The closure cap has to be axially pressed onto the container neck and over the thread elements. It is adapted and configured accordingly, the closure cap having a plastics layer abutting, on an inside of the cap, on a circumferential transition zone and on the skirt section in permanently adhering contact therewith. This plastics layer has axial dimensions and radial dimensions.
The above-mentioned transition zone is circumferentially oriented, it connects the central area of the closure cap (normally referred to as “panel”) with the skirt section projecting axially downwards. The latter merges with a rolled-in area that may comprise an inward curl or an outward curl.
The closure cap can be released from the container neck and the thread elements by a screwing operation carried out by the consumer. This release movement must be effortless, i.e. also elderly people and children must be able to carry it out, and this is opposed to the wish of having adequate tightness and a long storage life in the closed condition. All the functions are part of a difficult matching process, which has to take place between adequate sealing—pressing the closure far down in the axial direction and, consequently, long axial sections on the neck (the mouth) and on the closure cap—and effortless rotating for overcoming (breaking) the vacuum building up in the closed container after cooling down.
This axial force transmitted by the thread elements to the compound is adapted very precisely and must be matched; if this force is too small, the cap will remain down and cannot be unscrewed (by the rotating movement) in the axial direction. If the force with which the compound adheres to the thread elements is not strong enough, the retention will not suffice for sealing during transport, during stock keeping and during the period of offer for sale on the shelf and also in the case of temperature fluctuations. If the force is too strong, it will be difficult to open the closure. The vacuum in the container is another factor to be taken into account and influences the forces referred to.

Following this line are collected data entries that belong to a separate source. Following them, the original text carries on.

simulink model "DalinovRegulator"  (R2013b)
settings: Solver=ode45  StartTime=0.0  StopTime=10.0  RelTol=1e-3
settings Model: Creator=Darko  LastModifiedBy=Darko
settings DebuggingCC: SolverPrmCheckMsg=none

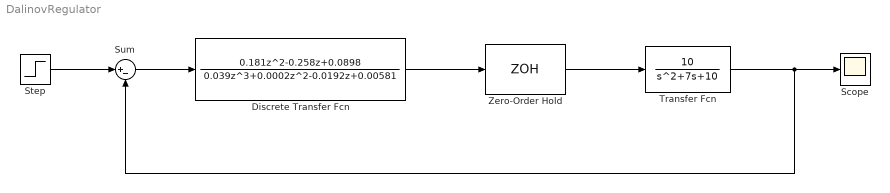
== system DalinovRegulator ==
  Discrete Transfer Fcn : DiscreteTransferFcn  Numerator=[0.181 -0.258 0.0898]  Denominator=[0.039 0.0002 -0.0192 0.00581]  SampleTime=0.1
  Scope : Scope
  Step : Step  Time=0  SampleTime=0.01
  Sum : Sum  Inputs=|+-
  Transfer Fcn : TransferFcn  Numerator=[10]  Denominator=[1 7 10]
  Zero-Order Hold : ZeroOrderHold  SampleTime=0.1
  wires:
  Step/1 -> Sum/1
  Sum/1 -> Discrete Transfer Fcn/1
  Discrete Transfer Fcn/1 -> Zero-Order Hold/1
  Zero-Order Hold/1 -> Transfer Fcn/1
  Transfer Fcn/1 -> Sum/2, Scope/1
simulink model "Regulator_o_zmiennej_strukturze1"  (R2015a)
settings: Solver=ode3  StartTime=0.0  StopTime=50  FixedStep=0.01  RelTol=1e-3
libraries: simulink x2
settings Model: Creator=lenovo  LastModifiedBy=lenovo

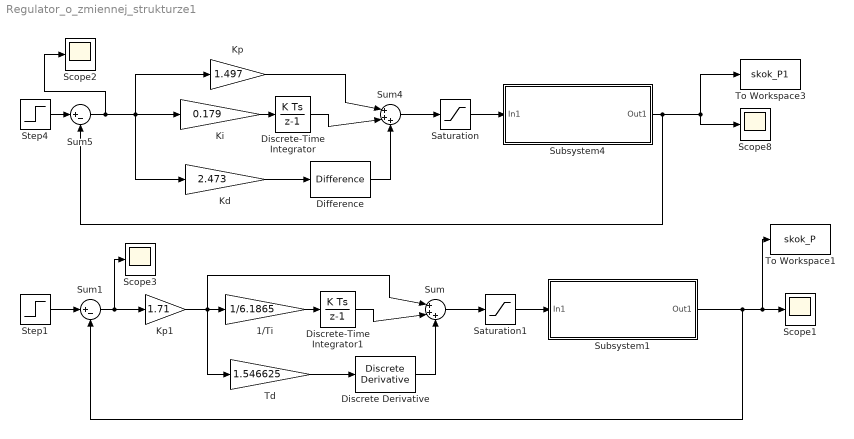
== system Regulator_o_zmiennej_strukturze1 ==
  1/Ti : Gain  Gain=1/6.1865
  Difference : simulink/Discrete/Difference  ICPrevInput=0.0  InputProcessing=Inherited  OutMin=[]  OutMax=[]  OutDataType=fixdt(1, 16)  OutScaling=2^-10  DoSatur=off
  Discrete Derivative : simulink/Discrete/Discrete Derivative  gainval=1.0  ICPrevScaledInput=0.0  InputProcessing=Inherited  OutMin=[]  OutMax=[]  OutDataType=fixdt(1, 16)  OutScaling=2^-10  DoSatur=off
  Discrete-Time Integrator : DiscreteIntegrator  InitialConditionSetting=State (most efficient)  SampleTime=0.01
  Discrete-Time Integrator1 : DiscreteIntegrator  InitialConditionSetting=State (most efficient)  SampleTime=0.01
  Kd : Gain  Gain=2.473
  Ki : Gain  Gain=0.179
  Kp : Gain  Gain=1.497
  Kp1 : Gain  Gain=1.71
  Saturation : Saturate  UpperLimit=1.05  LowerLimit=.9
  Saturation1 : Saturate  UpperLimit=1.3  LowerLimit=-.2
  Scope{1..3,8} (4 alike) : Scope
      Scope1 settings: TimeRange=50  YMin=0.5811999999996471  YMax=0.581199999999775
      Scope2 settings: TimeRange=50  YMin=0.5811999999996471  YMax=0.581199999999775
      Scope3 settings: TimeRange=50  YMin=0.5811999999996471  YMax=0.581199999999775  SaveName=ScopeData2
      Scope8 settings: TimeRange=50  YMin=0.5811999999996471  YMax=0.581199999999775  SaveName=ScopeData7
  Step1 : Step  SampleTime=0
  Step4 : Step  SampleTime=0
  Subsystem1 : Subsystem
  Subsystem4 : Subsystem
  Sum : Sum  Inputs=|+++
  Sum1 : Sum  Inputs=|+-
  Sum4 : Sum  Inputs=|+++
  Sum5 : Sum  Inputs=|+-
  Td : Gain  Gain=1.546625
  To Workspace1 : ToWorkspace  VariableName=skok_P  SaveFormat=Timeseries  SampleTime=-1
  To Workspace3 : ToWorkspace  VariableName=skok_P1  SaveFormat=Timeseries  SampleTime=-1
  wires:
  Ki/1 -> Discrete-Time Integrator/1
  Kd/1 -> Difference/1
  Sum4/1 -> Saturation/1
  Saturation/1 -> Subsystem4/1(In1)
  Difference/1 -> Sum4/3
  Discrete-Time Integrator/1 -> Sum4/2
  Kp/1 -> Sum4/1
  Sum5/1 -> Scope2/1, Kd/1, Kp/1, Ki/1
  Subsystem4/1(Out1) -> Sum5/2, To Workspace3/1, Scope8/1
  Step4/1 -> Sum5/1
  Sum1/1 -> Scope3/1, Kp1/1
  1/Ti/1 -> Discrete-Time Integrator1/1
  Kp1/1 -> Td/1, Sum/1, 1/Ti/1
  Td/1 -> Discrete Derivative/1
  Sum/1 -> Saturation1/1
  Discrete Derivative/1 -> Sum/3
  Discrete-Time Integrator1/1 -> Sum/2
  Saturation1/1 -> Subsystem1/1(In1)
  Subsystem1/1(Out1) -> Sum1/2, To Workspace1/1, Scope1/1
  Step1/1 -> Sum1/1

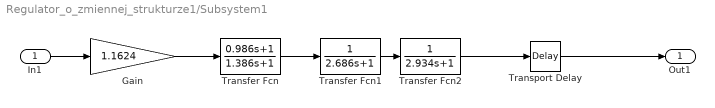
== system Regulator_o_zmiennej_strukturze1/Subsystem1 ==
  In1 : Inport
  Gain : Gain  Gain=1.1624
  Transfer Fcn : TransferFcn  Numerator=[0.986 1]  Denominator=[1.386 1]
  Transfer Fcn1 : TransferFcn  Denominator=[2.686 1]
  Transfer Fcn2 : TransferFcn  Denominator=[2.934 1]
  Transport Delay : TransportDelay  DelayTime=2.122  BufferSize=21504
  Out1 : Outport
  wires:
  Transfer Fcn1/1 -> Transfer Fcn2/1
  Transfer Fcn/1 -> Transfer Fcn1/1
  Transfer Fcn2/1 -> Transport Delay/1
  Transport Delay/1 -> Out1/1
  Gain/1 -> Transfer Fcn/1
  In1/1 -> Gain/1

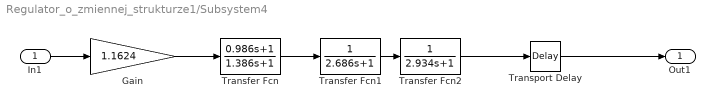
== system Regulator_o_zmiennej_strukturze1/Subsystem4 ==
  In1 : Inport
  Gain : Gain  Gain=1.1624
  Transfer Fcn : TransferFcn  Numerator=[0.986 1]  Denominator=[1.386 1]
  Transfer Fcn1 : TransferFcn  Denominator=[2.686 1]
  Transfer Fcn2 : TransferFcn  Denominator=[2.934 1]
  Transport Delay : TransportDelay  DelayTime=2.122  BufferSize=21504
  Out1 : Outport
  wires:
  Transfer Fcn1/1 -> Transfer Fcn2/1
  Transfer Fcn/1 -> Transfer Fcn1/1
  Transfer Fcn2/1 -> Transport Delay/1
  Transport Delay/1 -> Out1/1
  Gain/1 -> Transfer Fcn/1
  In1/1 -> Gain/1

The container neck has a horizontally oriented “surface” (the upwardly directed end face), whereon a horizontal section of the plastics layer on the closure cap is able to sealingly rest (claim 1, claim 13, claim 17) and presses thereinto in the closed condition to such an extent that sealing is effected by pressure and pressing-in (claim 37, claim 25, feature (d)).
The closure cap has a central area with an adjoining circumferentially oriented transition zone and a skirt section projecting axially downwards and merging with a rolled-in area. The plastics layer is adheringly provided on the inside of the cap at the transition zone and the skirt section.
Being a component part of the closure unit (claim 1), the closure cap succeeds in fulfilling this combined task by realizing a ratio of two functional elements, which is defined as follows:
An axial extension of the skirt section and a radial extensions of the transition zone define a first ratio, referred to as ratio v1, that is smaller than 3.00. It is much smaller than the ratio defined in the prior art. This leads to the surprising effect that, in spite of a shortened skirt section, a (still) sufficiently large circumferential area is available for permanently sealing the closed combination of closure cap and hard-plastic or glass container. Additionally, a sufficient lifting force can develop during rotation, which is generated as an axially directed removing force in response to the rotation, and the force required for rotating, i.e. first the breaking torque, is not excessively high and can also be accomplished or applied by elderly people.
To the person skilled in the art it seems as if, due to the reduced length of the skirt section, the force created will be too weak and the sealing zone in the axial direction will be too short, but this was, surprisingly enough, not confirmed by tests. In fact, these tests showed, very surprisingly, that a sufficient sealing effect and a sufficient strong axially directed removal force is accomplished nevertheless. This deviates from many years of prior art and also from many years of experience. Also axially short dimensions of the skirt section, which may also become smaller than the radial extension of the transition zone (claim 9), where the radially directed section of the plastics layer (normally referred to as “compound”) is located, are capable of satisfying the functional requirements. Here, a second ratio, referred to as v2, participates. It is defined by the axial extension (illustrated as: h0) of the skirt section of the closure cap and a radial extension (illustrated as: dr) of the transition zone as being smaller than one (read as 1.00).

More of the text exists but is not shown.